Biblia

0206. His Premature Death

0206. His Premature Death

His Premature Death

"And he (Joab) took three darts in his hand, and thrust them through the heart of Absalom, while he was yet alive in the midst of the oak" (2Sa_18:14).

Some one asked another, "Where is hell?" The reply was "It is at the end of a misspent life."

As we see Absalom hanging by his hair in the oak, we know that the wages of sin is death, in a very real sense. A death physical? Yes, for Absalom was that day slain. A death forever? Yes. For sin brings eternal separation from Christ, in Whom alone is life.

It does seem that Absalom proved the truth of Psa_55:23, "Bloody and deceitful men shall not live out half their days."

Sin spoils everything it touches. Sin is death to everything that it grips. Death to health, death to prospects, death to joy, death to hope and death forevermore.

Illustration: "A young man in Worcester, Mass., ran away with the funds of a savings bank. He fled to Paris, but returned to New York and was captured. To the officer he said: ‘I am happier today in this car, headed for certain punishment, than I have been since the train left the depot on Wednesday night, five months ago. Time has dragged fearfully, and the thousand and one pleasures which money can buy have weighed as nothing in the balance when compared to the awful suffering induced by giving play to my thoughts and going back over the whole time of this affair. Each successive violation of right added little by little to the result, till, to my over-strained nerves, it was as if I were carrying the whole weight.’"

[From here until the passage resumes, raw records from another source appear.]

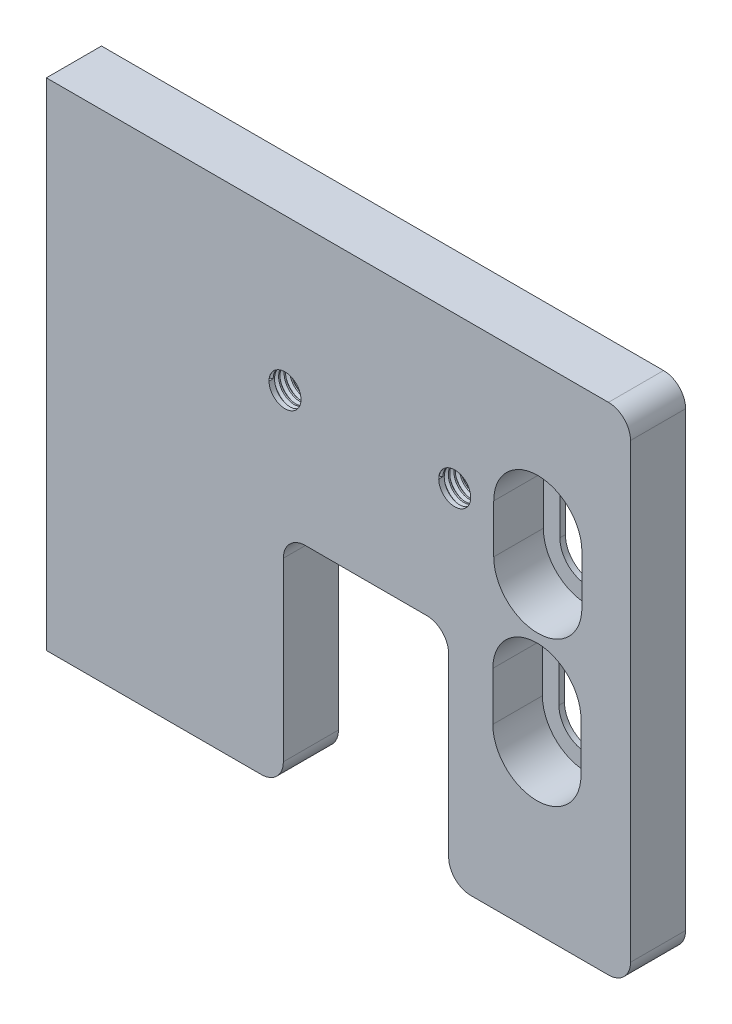
SolidWorks part; units mm, degrees
ref_plane "Front Plane" through (0, 0, 0) normal (0, 0, 1) x (1, 0, 0)
ref_plane "Top Plane" through (0, 0, 0) normal (0, 1, 0) x (1, 0, 0)
ref_plane "Right Plane" through (0, 0, 0) normal (1, 0, 0) x (0, 0, -1)
sketch "Sketch1" plane through (0, 0, 0) normal (0, 0, 1) x (1, 0, 0)
  line L0 (-34.2537, 0) -> (-34.2537, 45)
  line L1 (-34.2537, 45) -> (16.7463, 45)
  line L2 (18.7463, 43) -> (18.7463, 2)
  line L3 (16.7463, 0) -> (4.2463, 0)
  line L4 (2.2463, 2) -> (2.2463, 18)
  line L5 (0.2463, 20) -> (-10.7537, 20)
  line L6 (-12.7537, 18) -> (-12.7537, 2)
  line L7 (-14.7537, 0) -> (-34.2537, 0)
  arc A0 (16.7463, 45) -> (18.7463, 43) centre (16.7463, 43) cw
  arc A1 (18.7463, 2) -> (16.7463, 0) centre (16.7463, 2) cw
  arc A2 (4.2463, 0) -> (2.2463, 2) centre (4.2463, 2) cw
  arc A3 (-12.7537, 2) -> (-14.7537, 0) centre (-14.7537, 2) cw
  arc A4 (2.2463, 18) -> (0.2463, 20) centre (0.2463, 18) ccw
  arc A5 (-10.7537, 20) -> (-12.7537, 18) centre (-10.7537, 18) ccw
  point P11 (18.7463, 45)
  point P14 (18.7463, 0)
  point P17 (2.2463, 0)
  point P20 (-12.7537, 0)
  point P23 (2.2463, 20)
  point P26 (-12.7537, 20)
  dimension "D9" = 2
  dimension "D1" = 45
  dimension "D2" = 53
  dimension "D3" = 16.5
  dimension "D4" = 20
  dimension "D5" = 15
  dimension "D6" = 20
  dimension "D7" = 21.5
  dimension "D8" = 45
extrude "Boss-Extrude1" add sketch "Sketch1" along normal blind 5
sketch "Sketch19" plane through (0, 0, 5) normal (0, 0, 1) x (1, 0, 0)
  line L4 (6.3371, 27.65) -> (6.3371, 32.05)
  line L5 (14.3371, 32.05) -> (14.3371, 27.65)
  line L10 (6.2547, 18.85) -> (6.2547, 14.45)
  line L11 (14.2538, 18.7668) -> (14.2538, 14.45)
  arc A0 (6.3371, 32.05) -> (14.3371, 32.05) centre (10.3371, 32.05) cw
  arc A3 (6.3371, 27.65) -> (14.3371, 27.65) centre (10.3371, 27.65) ccw
  arc A7 (6.2547, 18.85) -> (14.2538, 18.7668) centre (10.2547, 18.85) cw
  arc A8 (6.2547, 14.45) -> (14.2538, 14.45) centre (10.2543, 14.45) ccw
  dimension "D1" = 4
  dimension "D2" = 8
  dimension "D3" = 4
extrude "Cut-Extrude6" cut sketch "Sketch19" against normal blind 4.5
sketch "Sketch20" plane through (0, 0, 0.5) normal (0, 0, 1) x (1, 0, 0)
  line L0 (7.7543, 14.45) -> (12.7543, 14.45) construction
  line L1 (7.7547, 18.85) -> (12.7547, 18.85) construction
  line L2 (7.7547, 18.85) -> (7.7543, 14.45)
  line L3 (12.7547, 18.85) -> (12.7543, 14.45)
  line L4 (7.8371, 32.05) -> (7.8371, 27.65)
  line L5 (12.8371, 32.05) -> (12.8371, 27.65)
  line L6 (4.2463, 0) -> (16.7463, 0) construction
  line L7 (18.7463, 2) -> (18.7463, 43) construction
  line L8 (16.7463, 45) -> (-34.2537, 45) construction
  arc A0 (7.7543, 14.45) -> (12.7543, 14.45) centre (10.2543, 14.45) ccw
  arc A1 (12.7547, 18.85) -> (7.7547, 18.85) centre (10.2547, 18.85) ccw
  arc A2 (12.8371, 32.05) -> (7.8371, 32.05) centre (10.3371, 32.05) ccw
  arc A3 (7.8371, 27.65) -> (12.8371, 27.65) centre (10.3371, 27.65) ccw
  point P18 (10.2543, 16.65)
  point P19 (10.3371, 29.4462)
  dimension "D1" = 5
  dimension "D2" = 5
  dimension "D3" = 5
  dimension "D4" = 5
  dimension "D5" = 16.65
  dimension "D6" = 8.492
  dimension "D7" = 15.5538
  dimension "D8" = 8.4092
extrude "Cut-Extrude7" cut sketch "Sketch20" against normal through all contours L4 A3 L5 A2 | L3 A1 L2 A0 region at (10.2545, 16.65, 0.5) region at (10.3371, 29.85, 0.5)
sketch "Sketch21" plane through (0, 0, 5) normal (0, 0, 1) x (1, 0, 0)
  line L0 (18.7463, 31.8) -> (4.1463, 31.8) construction
  line L1 (18.7463, 2) -> (18.7463, 43) construction
  line L2 (16.7463, 45) -> (-34.2537, 45) construction
  line L3 (-34.2537, 45) -> (-34.2537, 0) construction
  line L4 (1.3463, 31.2708) -> (-11.1537, 31.2708) construction
  circle A0 centre (2.7963, 31.2708) radius 1.45
  circle A1 centre (-12.6037, 31.2708) radius 1.45
  point P8 (1.3463, 31.2708)
  dimension "D3" = 2.9
  dimension "D6" = 2.9
  dimension "D1" = 14.6
  dimension "D2" = 13.2
  dimension "D4" = 35.6
  dimension "D5" = 12.5
extrude "Cut-Extrude8" cut sketch "Sketch21" against normal blind 4.5
thread "Thread1" pitch 0.5 method cut profile "Thread Profile1" start angle 0, offset 0, length 0, pitch 0.5, diameter 2.9
ref_plane "Plane1" through (-14.0537, 31.2708, 5) normal (0, -1, 0) x (-1, 0, 0)
sketch "Thread Profile1" plane through (-14.0537, 31.2708, 5) normal (0, -1, 0) x (-1, 0, 0)
  line L0 (0, 0) -> (0, 0.5) construction
  line L1 (0, 0) -> (0.2706, 0.1562)
  line L2 (0.2706, 0.1562) -> (0.2706, 0.2187)
  line L3 (0.2706, 0.2187) -> (0, 0.375)
  line L4 (0.2706, 0.1875) -> (0, 0.1875) construction
  line L11 (0, 0) -> (0, 0.375)
  point P2 (0, 0)
  dimension "Pitch" = 0.5
  dimension "Profile_Angle" = 60
  dimension "Profile_Land" = 0.0625
  dimension "Profile_Height" = 0.2706
thread "Thread2" pitch 0.5 method cut profile "Thread Profile2" start angle 0, offset 0, length 0, pitch 0.5, diameter 2.9
ref_plane "Plane2" through (1.3463, 31.2708, 5) normal (0, -1, 0) x (-1, 0, 0)
sketch "Thread Profile2" plane through (1.3463, 31.2708, 5) normal (0, -1, 0) x (-1, 0, 0)
  line L0 (0, 0) -> (0, 0.5) construction
  line L1 (0, 0) -> (0.2706, 0.1562)
  line L2 (0.2706, 0.1562) -> (0.2706, 0.2187)
  line L3 (0.2706, 0.2187) -> (0, 0.375)
  line L4 (0.2706, 0.1875) -> (0, 0.1875) construction
  line L11 (0, 0) -> (0, 0.375)
  point P2 (0, 0)
  dimension "Pitch" = 0.5
  dimension "Profile_Angle" = 60
  dimension "Profile_Land" = 0.0625
  dimension "Profile_Height" = 0.2706

Poor Byron died when he had but reached his prime. He had, like Absalom, drunk cups of pleasure, which thousands might have drunk, and then died wanting more to drink. Byron expressed his own distress at his life of sin, and his unmeasured anguish in the words:

"My days are in the yellow leaf,

The fruits and flowers of life are gone;

The worm, the canker and the grief

Are mine alone."

Illustration: H. W. Pope of Chicago, tells thus the story of the life and death of the valedictorian of his class. "He had no religious principles. When others drank, he was not strong enough to refuse. After graduation he studied law. He became one of the most brilliant and promising lawyers of his state. Temptations grew stronger and more frequent, and having no acquaintance with Him Who is able to save to the uttermost, and able to keep from falling, he soon lost his standing and business and died a common drunkard."